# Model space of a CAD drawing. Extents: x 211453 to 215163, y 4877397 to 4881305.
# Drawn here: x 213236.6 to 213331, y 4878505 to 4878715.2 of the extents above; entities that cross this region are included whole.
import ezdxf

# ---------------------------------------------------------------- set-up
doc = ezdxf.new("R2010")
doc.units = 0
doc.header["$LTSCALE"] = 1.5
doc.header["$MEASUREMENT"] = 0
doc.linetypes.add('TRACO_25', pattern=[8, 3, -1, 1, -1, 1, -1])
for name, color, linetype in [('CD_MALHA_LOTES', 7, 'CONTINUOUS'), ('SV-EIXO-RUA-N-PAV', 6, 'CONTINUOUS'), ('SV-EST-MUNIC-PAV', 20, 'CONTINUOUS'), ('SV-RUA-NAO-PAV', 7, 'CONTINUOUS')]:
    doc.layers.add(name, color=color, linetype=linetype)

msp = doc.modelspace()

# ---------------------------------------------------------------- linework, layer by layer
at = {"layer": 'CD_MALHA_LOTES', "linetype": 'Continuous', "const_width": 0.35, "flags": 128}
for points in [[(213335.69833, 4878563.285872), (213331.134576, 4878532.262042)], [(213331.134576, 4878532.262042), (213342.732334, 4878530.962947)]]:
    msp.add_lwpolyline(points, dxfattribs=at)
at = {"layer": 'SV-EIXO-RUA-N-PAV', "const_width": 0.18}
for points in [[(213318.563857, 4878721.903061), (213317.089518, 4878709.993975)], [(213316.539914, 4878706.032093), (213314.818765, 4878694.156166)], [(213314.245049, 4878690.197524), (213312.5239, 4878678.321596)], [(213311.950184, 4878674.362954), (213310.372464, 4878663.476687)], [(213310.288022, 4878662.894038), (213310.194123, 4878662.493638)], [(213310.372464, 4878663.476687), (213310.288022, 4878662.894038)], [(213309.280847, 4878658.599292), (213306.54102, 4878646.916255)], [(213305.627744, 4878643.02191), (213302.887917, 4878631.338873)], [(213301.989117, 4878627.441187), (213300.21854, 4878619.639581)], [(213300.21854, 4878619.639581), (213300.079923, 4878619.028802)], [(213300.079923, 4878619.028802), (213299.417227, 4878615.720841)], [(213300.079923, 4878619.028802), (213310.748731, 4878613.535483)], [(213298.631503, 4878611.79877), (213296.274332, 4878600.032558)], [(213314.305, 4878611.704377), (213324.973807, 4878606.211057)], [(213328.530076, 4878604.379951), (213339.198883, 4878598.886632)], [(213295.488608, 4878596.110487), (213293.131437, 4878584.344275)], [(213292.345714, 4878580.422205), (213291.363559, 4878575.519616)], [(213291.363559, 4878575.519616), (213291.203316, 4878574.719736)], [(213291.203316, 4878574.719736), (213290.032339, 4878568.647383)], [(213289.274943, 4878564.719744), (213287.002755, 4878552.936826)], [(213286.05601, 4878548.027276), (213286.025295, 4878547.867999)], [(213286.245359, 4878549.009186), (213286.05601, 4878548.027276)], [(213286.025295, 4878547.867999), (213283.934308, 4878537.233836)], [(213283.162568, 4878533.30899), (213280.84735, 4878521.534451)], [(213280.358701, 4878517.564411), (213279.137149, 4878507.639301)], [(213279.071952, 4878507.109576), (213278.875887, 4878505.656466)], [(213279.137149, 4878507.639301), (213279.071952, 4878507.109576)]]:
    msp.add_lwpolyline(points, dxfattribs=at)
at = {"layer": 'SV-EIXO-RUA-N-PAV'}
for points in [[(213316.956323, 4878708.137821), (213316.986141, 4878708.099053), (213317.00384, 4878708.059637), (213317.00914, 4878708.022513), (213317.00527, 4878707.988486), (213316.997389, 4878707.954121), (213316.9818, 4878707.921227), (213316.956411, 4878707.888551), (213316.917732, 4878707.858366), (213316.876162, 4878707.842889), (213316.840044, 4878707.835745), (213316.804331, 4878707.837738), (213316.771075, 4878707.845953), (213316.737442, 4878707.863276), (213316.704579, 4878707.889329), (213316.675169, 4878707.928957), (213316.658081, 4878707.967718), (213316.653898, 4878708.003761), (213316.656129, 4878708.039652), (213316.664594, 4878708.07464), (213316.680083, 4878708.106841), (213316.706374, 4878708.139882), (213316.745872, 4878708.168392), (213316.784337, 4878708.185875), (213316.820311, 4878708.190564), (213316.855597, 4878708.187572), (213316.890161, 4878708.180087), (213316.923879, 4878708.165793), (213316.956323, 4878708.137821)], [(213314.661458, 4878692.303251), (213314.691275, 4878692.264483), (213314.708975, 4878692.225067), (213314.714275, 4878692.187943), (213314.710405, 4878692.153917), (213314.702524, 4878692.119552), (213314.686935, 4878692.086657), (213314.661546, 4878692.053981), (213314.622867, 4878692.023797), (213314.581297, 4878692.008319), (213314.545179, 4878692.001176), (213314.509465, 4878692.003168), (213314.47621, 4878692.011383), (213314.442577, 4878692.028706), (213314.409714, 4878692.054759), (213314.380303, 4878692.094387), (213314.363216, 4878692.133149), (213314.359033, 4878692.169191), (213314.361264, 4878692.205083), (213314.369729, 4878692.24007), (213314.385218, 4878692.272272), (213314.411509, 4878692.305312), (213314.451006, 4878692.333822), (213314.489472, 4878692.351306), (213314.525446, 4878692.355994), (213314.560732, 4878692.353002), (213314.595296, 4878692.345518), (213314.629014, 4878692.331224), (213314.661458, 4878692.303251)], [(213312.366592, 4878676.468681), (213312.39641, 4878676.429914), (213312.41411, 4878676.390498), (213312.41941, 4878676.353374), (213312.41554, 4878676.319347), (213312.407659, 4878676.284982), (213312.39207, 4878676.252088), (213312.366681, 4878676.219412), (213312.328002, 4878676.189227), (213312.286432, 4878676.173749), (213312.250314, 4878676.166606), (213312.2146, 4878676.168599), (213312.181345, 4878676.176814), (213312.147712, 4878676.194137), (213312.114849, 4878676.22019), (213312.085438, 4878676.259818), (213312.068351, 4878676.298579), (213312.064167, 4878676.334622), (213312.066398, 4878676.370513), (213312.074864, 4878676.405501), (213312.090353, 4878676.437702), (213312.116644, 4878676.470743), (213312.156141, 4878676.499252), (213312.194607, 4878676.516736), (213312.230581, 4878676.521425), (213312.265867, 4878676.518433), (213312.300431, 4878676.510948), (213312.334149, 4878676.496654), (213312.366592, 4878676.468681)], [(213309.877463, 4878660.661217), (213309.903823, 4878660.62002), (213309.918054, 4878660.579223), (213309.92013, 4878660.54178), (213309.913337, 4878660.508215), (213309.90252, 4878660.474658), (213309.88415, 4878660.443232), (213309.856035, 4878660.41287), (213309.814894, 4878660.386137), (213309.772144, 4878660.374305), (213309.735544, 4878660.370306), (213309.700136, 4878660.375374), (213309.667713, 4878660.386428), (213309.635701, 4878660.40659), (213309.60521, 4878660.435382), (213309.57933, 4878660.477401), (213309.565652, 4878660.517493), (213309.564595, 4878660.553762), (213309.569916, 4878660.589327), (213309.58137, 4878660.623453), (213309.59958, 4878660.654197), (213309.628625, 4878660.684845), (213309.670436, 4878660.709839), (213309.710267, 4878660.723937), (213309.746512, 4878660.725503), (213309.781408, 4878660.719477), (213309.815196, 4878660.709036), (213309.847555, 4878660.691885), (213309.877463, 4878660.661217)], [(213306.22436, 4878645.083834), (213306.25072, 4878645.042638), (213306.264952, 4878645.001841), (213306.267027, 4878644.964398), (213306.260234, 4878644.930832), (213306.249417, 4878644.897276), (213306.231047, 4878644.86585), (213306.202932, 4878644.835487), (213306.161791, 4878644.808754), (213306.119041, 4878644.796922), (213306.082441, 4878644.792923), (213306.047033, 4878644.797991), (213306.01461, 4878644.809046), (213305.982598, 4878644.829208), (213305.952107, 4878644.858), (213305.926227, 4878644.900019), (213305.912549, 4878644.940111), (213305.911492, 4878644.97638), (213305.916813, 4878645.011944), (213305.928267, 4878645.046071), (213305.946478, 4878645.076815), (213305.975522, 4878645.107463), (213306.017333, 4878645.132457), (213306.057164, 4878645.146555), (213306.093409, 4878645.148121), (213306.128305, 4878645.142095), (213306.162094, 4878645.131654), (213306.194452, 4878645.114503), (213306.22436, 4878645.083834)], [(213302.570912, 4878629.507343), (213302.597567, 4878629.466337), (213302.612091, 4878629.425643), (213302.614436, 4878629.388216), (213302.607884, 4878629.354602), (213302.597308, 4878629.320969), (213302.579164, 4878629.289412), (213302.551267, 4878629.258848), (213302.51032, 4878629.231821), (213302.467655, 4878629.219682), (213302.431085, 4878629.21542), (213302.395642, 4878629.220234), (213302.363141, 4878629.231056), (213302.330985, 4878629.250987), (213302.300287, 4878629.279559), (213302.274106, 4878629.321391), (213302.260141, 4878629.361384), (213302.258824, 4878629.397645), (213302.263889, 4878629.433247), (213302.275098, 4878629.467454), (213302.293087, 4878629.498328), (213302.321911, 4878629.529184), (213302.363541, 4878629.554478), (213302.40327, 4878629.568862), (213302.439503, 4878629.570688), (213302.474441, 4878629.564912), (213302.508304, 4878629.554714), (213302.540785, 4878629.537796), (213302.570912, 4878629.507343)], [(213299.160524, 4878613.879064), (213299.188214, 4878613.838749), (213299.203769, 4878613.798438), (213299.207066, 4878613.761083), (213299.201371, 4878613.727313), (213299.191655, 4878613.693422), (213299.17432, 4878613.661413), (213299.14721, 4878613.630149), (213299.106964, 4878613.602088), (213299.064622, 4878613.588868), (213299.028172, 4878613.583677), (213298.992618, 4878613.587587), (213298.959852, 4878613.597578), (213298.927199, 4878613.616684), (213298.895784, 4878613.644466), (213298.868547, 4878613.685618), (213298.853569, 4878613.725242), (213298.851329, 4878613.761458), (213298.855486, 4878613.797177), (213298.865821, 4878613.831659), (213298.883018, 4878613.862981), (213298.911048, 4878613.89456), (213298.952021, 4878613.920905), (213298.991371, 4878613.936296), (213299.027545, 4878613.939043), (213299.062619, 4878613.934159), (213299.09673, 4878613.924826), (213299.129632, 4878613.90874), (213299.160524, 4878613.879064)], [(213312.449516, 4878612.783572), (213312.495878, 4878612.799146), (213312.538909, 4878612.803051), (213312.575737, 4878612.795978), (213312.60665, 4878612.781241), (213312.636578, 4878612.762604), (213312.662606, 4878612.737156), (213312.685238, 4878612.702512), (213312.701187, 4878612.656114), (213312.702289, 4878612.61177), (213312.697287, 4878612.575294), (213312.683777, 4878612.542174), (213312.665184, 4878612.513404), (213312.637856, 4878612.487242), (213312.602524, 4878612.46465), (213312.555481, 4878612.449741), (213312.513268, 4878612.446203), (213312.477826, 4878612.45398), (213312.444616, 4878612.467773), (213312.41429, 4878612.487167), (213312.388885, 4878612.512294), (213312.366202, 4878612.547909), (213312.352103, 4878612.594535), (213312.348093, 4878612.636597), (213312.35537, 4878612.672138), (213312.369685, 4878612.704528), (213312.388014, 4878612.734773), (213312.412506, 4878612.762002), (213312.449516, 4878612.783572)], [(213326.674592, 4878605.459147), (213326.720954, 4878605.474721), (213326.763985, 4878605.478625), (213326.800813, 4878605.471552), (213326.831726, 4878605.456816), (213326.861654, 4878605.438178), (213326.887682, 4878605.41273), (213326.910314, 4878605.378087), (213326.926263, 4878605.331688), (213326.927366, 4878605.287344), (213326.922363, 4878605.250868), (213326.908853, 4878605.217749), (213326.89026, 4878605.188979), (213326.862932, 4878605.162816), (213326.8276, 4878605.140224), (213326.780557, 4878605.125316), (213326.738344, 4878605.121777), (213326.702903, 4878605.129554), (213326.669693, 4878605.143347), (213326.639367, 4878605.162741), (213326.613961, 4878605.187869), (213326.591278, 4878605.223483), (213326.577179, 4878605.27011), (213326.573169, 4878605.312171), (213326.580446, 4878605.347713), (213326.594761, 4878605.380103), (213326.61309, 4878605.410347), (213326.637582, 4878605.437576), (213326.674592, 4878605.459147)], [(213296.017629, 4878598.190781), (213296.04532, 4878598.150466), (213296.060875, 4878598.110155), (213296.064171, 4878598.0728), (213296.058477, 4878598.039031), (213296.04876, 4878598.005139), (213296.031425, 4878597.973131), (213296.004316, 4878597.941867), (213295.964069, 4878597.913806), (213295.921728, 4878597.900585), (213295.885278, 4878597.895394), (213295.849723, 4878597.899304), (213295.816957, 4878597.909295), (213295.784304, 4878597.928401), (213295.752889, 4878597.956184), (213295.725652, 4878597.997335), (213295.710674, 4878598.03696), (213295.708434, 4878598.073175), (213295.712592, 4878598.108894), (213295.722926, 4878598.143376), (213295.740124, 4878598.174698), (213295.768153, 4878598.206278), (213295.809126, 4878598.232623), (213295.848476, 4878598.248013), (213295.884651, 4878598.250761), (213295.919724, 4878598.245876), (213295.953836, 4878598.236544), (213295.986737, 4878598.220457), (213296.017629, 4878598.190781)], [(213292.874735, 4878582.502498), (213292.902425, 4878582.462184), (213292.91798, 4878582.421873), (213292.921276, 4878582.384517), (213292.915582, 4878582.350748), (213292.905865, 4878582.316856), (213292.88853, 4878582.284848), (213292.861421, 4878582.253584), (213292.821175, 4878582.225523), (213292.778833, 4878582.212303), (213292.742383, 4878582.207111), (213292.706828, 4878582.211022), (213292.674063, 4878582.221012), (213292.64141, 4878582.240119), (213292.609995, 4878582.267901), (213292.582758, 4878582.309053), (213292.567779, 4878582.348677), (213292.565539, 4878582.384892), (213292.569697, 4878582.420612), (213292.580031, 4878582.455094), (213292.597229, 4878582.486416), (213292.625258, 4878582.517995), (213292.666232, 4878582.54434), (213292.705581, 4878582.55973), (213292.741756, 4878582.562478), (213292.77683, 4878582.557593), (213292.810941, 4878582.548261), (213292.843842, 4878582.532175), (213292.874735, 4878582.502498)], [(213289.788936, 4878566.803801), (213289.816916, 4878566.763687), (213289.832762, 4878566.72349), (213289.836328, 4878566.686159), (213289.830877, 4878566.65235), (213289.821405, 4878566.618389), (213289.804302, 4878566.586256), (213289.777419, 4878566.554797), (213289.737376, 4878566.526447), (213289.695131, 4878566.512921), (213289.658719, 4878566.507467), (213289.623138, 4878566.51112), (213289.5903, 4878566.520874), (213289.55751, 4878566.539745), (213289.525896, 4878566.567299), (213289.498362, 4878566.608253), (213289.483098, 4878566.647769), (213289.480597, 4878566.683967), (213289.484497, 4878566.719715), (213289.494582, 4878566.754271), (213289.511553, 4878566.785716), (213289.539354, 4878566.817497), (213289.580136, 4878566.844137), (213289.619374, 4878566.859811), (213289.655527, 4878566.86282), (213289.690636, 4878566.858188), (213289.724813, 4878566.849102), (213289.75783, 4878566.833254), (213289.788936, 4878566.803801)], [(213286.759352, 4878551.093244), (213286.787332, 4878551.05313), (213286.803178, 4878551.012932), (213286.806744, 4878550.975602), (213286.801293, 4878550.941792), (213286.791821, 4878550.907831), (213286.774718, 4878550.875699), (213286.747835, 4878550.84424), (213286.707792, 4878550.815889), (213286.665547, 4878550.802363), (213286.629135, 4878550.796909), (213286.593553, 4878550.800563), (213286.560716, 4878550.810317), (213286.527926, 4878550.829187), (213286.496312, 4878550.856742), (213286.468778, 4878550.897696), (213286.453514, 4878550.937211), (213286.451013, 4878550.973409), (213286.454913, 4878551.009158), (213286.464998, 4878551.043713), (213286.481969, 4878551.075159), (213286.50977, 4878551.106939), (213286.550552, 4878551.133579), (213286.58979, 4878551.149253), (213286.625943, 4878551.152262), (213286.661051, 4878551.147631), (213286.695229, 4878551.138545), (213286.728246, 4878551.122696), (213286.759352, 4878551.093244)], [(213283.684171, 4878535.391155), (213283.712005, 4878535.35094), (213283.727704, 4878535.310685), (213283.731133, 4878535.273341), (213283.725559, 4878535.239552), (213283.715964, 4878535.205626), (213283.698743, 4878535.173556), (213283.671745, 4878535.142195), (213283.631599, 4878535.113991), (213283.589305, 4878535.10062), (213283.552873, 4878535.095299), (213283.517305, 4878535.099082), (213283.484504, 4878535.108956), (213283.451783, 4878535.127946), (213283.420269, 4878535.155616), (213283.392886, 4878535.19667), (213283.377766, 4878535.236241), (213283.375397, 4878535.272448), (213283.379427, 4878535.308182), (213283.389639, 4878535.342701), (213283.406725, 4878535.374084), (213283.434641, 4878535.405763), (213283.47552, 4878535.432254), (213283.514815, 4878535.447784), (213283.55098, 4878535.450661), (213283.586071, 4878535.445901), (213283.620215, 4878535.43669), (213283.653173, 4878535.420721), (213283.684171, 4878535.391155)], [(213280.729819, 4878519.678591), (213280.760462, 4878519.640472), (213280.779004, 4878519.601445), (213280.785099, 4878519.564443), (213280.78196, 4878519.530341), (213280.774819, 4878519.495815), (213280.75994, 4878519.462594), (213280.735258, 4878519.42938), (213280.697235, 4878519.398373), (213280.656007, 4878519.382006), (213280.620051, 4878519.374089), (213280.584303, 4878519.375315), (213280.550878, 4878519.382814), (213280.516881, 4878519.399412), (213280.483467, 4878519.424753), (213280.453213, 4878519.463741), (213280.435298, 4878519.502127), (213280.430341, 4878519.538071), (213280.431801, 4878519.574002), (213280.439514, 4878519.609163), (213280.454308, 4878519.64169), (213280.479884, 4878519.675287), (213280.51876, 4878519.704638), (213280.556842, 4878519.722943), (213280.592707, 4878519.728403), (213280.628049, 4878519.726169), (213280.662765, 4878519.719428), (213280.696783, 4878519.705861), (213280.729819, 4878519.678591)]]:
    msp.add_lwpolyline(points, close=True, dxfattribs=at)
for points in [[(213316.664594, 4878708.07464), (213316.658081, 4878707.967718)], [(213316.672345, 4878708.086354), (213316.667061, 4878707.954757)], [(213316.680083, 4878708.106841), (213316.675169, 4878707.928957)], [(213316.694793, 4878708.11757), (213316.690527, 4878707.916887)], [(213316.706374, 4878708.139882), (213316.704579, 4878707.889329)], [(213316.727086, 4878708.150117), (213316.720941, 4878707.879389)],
---
EXERCISE => Only the number is wanted here. Please work out how many lines of the records contain "name".

ANSWER => 2